_Directions_: Go over the material below and report every line that contains the word "extrude".

:: Dataset extract

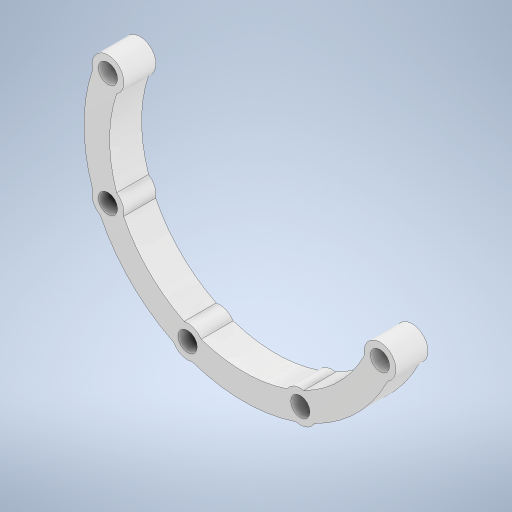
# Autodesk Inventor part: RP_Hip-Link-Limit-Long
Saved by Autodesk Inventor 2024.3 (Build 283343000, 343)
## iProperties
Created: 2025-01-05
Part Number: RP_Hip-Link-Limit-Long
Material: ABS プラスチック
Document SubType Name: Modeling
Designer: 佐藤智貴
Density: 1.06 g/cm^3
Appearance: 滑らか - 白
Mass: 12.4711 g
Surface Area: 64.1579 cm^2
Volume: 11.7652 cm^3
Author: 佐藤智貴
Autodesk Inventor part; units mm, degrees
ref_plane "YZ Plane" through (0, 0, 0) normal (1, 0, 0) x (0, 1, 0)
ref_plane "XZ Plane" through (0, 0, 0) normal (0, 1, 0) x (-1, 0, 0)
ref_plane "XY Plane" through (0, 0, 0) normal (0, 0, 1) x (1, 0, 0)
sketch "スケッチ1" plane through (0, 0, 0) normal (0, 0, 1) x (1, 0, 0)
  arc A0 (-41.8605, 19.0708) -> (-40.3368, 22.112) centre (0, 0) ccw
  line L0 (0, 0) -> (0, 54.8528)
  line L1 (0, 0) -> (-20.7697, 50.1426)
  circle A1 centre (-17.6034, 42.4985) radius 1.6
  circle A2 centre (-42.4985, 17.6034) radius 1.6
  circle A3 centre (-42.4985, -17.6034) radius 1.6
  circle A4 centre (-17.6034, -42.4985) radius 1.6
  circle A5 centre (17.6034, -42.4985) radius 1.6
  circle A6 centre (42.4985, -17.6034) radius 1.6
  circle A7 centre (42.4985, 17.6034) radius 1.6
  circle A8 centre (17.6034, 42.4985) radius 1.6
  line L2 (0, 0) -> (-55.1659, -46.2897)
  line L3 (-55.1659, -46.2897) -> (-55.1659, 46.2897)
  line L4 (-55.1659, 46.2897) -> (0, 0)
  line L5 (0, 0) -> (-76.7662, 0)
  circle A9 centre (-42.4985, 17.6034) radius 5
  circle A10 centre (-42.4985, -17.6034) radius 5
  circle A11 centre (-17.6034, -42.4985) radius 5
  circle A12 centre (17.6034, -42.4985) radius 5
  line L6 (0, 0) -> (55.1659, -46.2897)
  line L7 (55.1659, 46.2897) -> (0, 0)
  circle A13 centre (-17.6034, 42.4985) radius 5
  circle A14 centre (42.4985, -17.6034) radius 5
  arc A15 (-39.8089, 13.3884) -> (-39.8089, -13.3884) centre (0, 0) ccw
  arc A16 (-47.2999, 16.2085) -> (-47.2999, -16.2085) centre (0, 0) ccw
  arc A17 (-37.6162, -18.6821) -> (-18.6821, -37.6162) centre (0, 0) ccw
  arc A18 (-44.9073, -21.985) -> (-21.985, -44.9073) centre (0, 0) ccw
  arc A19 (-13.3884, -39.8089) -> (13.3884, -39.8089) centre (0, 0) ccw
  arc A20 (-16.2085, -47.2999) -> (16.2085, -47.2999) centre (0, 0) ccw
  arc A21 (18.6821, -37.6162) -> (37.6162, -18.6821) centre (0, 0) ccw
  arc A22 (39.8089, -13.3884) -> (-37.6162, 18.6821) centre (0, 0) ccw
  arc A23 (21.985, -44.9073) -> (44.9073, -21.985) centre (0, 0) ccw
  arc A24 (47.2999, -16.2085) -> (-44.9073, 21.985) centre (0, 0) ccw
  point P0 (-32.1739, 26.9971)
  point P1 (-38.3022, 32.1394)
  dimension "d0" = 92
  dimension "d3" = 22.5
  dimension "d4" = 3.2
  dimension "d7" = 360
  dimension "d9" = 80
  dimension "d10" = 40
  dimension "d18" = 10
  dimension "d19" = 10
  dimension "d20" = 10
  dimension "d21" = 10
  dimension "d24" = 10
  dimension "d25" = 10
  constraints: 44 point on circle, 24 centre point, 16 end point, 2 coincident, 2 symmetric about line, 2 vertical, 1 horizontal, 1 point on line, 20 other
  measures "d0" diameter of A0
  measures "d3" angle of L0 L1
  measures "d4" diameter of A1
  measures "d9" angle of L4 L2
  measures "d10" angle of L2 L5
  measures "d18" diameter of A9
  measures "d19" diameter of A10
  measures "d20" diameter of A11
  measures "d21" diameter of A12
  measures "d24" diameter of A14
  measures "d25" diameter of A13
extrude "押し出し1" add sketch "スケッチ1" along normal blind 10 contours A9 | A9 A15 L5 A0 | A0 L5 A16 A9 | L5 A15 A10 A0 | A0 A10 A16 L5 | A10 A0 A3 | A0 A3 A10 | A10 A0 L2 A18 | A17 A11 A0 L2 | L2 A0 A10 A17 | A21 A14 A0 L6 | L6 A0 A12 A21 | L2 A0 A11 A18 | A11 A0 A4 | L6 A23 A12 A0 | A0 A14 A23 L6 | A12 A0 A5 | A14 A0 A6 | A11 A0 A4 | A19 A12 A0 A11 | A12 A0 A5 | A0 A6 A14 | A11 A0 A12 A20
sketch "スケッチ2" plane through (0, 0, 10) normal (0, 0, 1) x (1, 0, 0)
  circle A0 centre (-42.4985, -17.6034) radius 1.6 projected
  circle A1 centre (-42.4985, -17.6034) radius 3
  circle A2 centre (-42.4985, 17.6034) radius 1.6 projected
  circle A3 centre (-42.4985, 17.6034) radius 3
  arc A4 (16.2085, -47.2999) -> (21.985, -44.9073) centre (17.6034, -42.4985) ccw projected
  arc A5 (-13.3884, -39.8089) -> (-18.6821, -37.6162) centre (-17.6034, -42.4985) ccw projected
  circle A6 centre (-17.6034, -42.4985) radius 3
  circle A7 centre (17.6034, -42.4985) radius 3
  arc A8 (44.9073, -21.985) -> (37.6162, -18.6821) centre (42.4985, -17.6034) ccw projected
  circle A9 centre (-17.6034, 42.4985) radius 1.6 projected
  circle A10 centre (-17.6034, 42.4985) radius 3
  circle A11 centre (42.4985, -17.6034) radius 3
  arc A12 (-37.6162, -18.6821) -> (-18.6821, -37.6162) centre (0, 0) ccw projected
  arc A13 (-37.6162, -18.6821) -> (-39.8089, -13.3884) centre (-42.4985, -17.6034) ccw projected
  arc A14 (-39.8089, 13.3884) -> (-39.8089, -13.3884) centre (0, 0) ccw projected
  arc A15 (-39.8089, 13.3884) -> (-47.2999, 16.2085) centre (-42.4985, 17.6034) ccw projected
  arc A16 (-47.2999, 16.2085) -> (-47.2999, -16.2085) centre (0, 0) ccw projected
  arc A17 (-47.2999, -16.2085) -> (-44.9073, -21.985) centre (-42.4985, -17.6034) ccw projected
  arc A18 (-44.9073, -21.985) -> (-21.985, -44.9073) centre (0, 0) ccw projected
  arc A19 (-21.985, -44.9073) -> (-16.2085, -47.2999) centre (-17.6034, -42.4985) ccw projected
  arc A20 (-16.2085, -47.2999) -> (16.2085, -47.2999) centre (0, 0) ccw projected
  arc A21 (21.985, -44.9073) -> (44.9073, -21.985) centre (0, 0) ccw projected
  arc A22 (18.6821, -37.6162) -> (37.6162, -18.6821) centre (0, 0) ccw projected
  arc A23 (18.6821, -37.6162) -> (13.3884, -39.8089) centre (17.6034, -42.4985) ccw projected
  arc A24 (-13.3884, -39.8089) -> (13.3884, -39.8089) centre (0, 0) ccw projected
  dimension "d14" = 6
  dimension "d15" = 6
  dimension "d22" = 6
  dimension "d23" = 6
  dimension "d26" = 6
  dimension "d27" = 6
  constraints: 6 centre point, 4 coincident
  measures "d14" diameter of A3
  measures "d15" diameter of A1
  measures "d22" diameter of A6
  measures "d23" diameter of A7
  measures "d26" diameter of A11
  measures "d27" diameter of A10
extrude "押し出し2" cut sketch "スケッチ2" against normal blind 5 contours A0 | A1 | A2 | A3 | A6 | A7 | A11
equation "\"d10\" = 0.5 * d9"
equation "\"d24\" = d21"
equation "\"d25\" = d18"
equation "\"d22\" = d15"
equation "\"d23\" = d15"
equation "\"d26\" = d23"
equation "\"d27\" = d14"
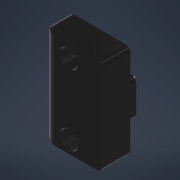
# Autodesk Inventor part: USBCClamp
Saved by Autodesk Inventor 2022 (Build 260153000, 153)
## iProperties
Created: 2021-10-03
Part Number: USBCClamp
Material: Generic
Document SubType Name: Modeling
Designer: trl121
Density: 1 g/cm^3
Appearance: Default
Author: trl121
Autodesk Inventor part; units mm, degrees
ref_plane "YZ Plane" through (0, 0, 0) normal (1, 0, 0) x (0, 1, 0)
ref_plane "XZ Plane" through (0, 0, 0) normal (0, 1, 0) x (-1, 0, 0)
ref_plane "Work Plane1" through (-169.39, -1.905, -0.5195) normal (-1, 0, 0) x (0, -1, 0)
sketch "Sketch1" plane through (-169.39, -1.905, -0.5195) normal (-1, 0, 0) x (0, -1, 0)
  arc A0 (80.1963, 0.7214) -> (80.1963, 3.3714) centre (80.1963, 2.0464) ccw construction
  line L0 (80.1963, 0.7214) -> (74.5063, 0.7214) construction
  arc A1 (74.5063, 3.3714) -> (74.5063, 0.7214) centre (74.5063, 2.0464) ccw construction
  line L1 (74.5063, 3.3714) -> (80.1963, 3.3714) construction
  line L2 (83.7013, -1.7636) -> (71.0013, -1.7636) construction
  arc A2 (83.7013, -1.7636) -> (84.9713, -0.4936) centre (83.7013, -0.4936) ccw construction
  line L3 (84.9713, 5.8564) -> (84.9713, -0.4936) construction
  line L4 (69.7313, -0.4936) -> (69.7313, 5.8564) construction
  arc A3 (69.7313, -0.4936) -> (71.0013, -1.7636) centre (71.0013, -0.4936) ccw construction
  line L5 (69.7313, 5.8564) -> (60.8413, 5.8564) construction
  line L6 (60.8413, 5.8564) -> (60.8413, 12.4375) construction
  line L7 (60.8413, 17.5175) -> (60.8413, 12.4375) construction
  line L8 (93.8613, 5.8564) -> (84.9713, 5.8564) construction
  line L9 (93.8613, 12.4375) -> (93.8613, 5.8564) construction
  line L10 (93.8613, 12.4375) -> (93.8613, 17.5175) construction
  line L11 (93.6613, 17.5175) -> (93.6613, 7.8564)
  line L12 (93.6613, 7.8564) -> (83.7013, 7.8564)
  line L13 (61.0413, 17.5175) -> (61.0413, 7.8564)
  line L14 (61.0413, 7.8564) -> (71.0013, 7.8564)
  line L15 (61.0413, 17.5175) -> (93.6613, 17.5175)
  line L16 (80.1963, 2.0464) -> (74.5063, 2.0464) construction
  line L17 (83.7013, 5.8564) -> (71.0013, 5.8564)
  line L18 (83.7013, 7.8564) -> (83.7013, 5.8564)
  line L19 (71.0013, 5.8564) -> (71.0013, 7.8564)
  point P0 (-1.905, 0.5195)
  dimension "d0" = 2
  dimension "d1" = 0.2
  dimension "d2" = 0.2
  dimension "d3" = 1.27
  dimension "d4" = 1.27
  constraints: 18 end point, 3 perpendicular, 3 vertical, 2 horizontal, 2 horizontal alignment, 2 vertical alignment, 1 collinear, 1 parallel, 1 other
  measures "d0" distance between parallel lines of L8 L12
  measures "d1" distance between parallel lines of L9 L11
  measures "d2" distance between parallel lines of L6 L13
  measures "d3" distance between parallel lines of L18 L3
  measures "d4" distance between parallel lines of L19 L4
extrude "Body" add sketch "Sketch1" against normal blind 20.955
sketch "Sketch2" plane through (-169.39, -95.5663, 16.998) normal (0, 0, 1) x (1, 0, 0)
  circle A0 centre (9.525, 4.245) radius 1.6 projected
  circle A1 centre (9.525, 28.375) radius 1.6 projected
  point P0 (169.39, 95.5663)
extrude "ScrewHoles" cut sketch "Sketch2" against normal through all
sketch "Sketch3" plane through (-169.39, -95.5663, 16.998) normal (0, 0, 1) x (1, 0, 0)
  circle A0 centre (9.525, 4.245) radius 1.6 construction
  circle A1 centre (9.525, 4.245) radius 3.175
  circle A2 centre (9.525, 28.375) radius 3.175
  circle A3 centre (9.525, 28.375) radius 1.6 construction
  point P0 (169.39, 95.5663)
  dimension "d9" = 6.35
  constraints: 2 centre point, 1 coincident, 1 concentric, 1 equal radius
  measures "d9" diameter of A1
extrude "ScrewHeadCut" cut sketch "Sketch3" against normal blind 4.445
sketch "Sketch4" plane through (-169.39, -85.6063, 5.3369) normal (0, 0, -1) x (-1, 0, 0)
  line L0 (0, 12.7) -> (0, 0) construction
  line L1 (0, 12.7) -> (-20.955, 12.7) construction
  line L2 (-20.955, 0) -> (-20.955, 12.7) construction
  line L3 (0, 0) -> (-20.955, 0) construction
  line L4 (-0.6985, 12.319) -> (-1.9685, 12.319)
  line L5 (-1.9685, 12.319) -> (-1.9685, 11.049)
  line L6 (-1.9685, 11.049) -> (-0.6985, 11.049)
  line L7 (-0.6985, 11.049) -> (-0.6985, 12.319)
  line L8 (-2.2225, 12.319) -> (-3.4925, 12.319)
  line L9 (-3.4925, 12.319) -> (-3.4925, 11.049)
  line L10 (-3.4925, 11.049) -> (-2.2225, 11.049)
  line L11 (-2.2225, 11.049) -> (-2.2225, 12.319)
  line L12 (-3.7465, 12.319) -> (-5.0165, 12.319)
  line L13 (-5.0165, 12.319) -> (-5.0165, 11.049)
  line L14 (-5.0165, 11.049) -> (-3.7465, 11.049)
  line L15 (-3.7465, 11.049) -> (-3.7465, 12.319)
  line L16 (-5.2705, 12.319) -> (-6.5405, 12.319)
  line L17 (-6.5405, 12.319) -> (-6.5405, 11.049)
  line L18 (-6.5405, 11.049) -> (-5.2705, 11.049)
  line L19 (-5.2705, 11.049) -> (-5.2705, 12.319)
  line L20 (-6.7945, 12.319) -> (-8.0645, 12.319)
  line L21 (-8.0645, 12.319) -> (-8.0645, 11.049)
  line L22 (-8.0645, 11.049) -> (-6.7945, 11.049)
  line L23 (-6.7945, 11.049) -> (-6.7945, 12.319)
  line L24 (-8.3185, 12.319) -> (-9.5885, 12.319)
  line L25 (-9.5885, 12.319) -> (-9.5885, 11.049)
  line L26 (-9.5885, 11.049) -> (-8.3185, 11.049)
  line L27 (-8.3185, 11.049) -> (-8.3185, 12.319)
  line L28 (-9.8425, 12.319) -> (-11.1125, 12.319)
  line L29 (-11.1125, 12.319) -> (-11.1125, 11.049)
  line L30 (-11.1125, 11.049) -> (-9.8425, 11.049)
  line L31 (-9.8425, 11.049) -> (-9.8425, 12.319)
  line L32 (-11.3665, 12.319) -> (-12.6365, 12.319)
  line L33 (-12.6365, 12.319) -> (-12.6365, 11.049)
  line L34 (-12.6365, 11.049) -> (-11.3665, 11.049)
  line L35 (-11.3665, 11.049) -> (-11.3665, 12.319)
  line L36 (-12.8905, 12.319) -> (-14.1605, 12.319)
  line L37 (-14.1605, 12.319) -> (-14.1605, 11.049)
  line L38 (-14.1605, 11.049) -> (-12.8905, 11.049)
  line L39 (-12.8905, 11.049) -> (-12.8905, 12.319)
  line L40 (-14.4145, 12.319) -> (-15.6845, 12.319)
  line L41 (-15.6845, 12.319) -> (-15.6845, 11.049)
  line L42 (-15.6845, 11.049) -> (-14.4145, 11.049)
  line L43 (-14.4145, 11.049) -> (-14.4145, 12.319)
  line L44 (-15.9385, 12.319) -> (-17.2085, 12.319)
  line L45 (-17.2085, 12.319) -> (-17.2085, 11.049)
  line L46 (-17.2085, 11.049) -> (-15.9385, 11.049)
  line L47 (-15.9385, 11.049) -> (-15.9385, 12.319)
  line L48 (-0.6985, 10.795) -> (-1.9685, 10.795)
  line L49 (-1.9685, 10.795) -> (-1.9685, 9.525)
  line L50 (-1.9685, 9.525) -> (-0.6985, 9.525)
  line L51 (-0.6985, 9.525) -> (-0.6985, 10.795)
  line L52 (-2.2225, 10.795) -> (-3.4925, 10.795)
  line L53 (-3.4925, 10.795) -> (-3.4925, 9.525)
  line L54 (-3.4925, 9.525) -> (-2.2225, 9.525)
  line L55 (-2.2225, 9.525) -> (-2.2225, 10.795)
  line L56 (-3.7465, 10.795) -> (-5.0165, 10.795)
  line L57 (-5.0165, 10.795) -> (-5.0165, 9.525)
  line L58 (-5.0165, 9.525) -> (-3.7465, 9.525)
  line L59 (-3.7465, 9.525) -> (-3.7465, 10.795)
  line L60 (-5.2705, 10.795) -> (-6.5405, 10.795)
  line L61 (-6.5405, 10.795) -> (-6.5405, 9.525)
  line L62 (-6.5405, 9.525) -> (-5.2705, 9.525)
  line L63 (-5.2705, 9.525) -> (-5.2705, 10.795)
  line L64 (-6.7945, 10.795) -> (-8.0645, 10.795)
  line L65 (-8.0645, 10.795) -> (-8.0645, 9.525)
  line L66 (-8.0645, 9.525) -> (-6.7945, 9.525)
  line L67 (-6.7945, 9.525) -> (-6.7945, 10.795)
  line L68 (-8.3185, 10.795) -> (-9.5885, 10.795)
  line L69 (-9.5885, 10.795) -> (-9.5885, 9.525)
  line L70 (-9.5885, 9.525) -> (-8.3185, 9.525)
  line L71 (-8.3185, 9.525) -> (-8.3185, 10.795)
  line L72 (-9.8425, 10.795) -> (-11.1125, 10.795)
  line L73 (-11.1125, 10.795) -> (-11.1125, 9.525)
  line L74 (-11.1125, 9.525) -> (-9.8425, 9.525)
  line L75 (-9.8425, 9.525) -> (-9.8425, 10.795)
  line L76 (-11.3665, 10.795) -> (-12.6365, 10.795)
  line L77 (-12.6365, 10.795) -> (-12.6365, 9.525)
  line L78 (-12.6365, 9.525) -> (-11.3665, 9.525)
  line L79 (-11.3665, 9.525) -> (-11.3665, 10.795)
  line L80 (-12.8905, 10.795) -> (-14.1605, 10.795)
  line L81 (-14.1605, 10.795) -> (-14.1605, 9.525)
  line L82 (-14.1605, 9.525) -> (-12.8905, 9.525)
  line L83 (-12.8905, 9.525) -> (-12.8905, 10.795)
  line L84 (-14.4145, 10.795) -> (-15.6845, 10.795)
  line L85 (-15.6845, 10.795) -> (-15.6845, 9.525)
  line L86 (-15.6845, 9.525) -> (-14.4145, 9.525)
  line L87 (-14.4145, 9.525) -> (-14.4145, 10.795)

::::

_Reply_:
extrude "押し出し1" add sketch "スケッチ1" along normal blind 10 contours A9 | A9 A15 L5 A0 | A0 L5 A16 A9 | L5 A15 A10 A0 | A0 A10 A16 L5 | A10 A0 A3 | A0 A3 A10 | A10 A0 L2 A18 | A17 A11 A0 L2 | L2 A0 A10 A17 | A21 A14 A0 L6 | L6 A0 A12 A21 | L2 A0 A11 A18 | A11 A0 A4 | L6 A23 A12 A0 | A0 A14 A23 L6 | A12 A0 A5 | A14 A0 A6 | A11 A0 A4 | A19 A12 A0 A11 | A12 A0 A5 | A0 A6 A14 | A11 A0 A12 A20
extrude "押し出し2" cut sketch "スケッチ2" against normal blind 5 contours A0 | A1 | A2 | A3 | A6 | A7 | A11
extrude "Body" add sketch "Sketch1" against normal blind 20.955
extrude "ScrewHoles" cut sketch "Sketch2" against normal through all
extrude "ScrewHeadCut" cut sketch "Sketch3" against normal blind 4.445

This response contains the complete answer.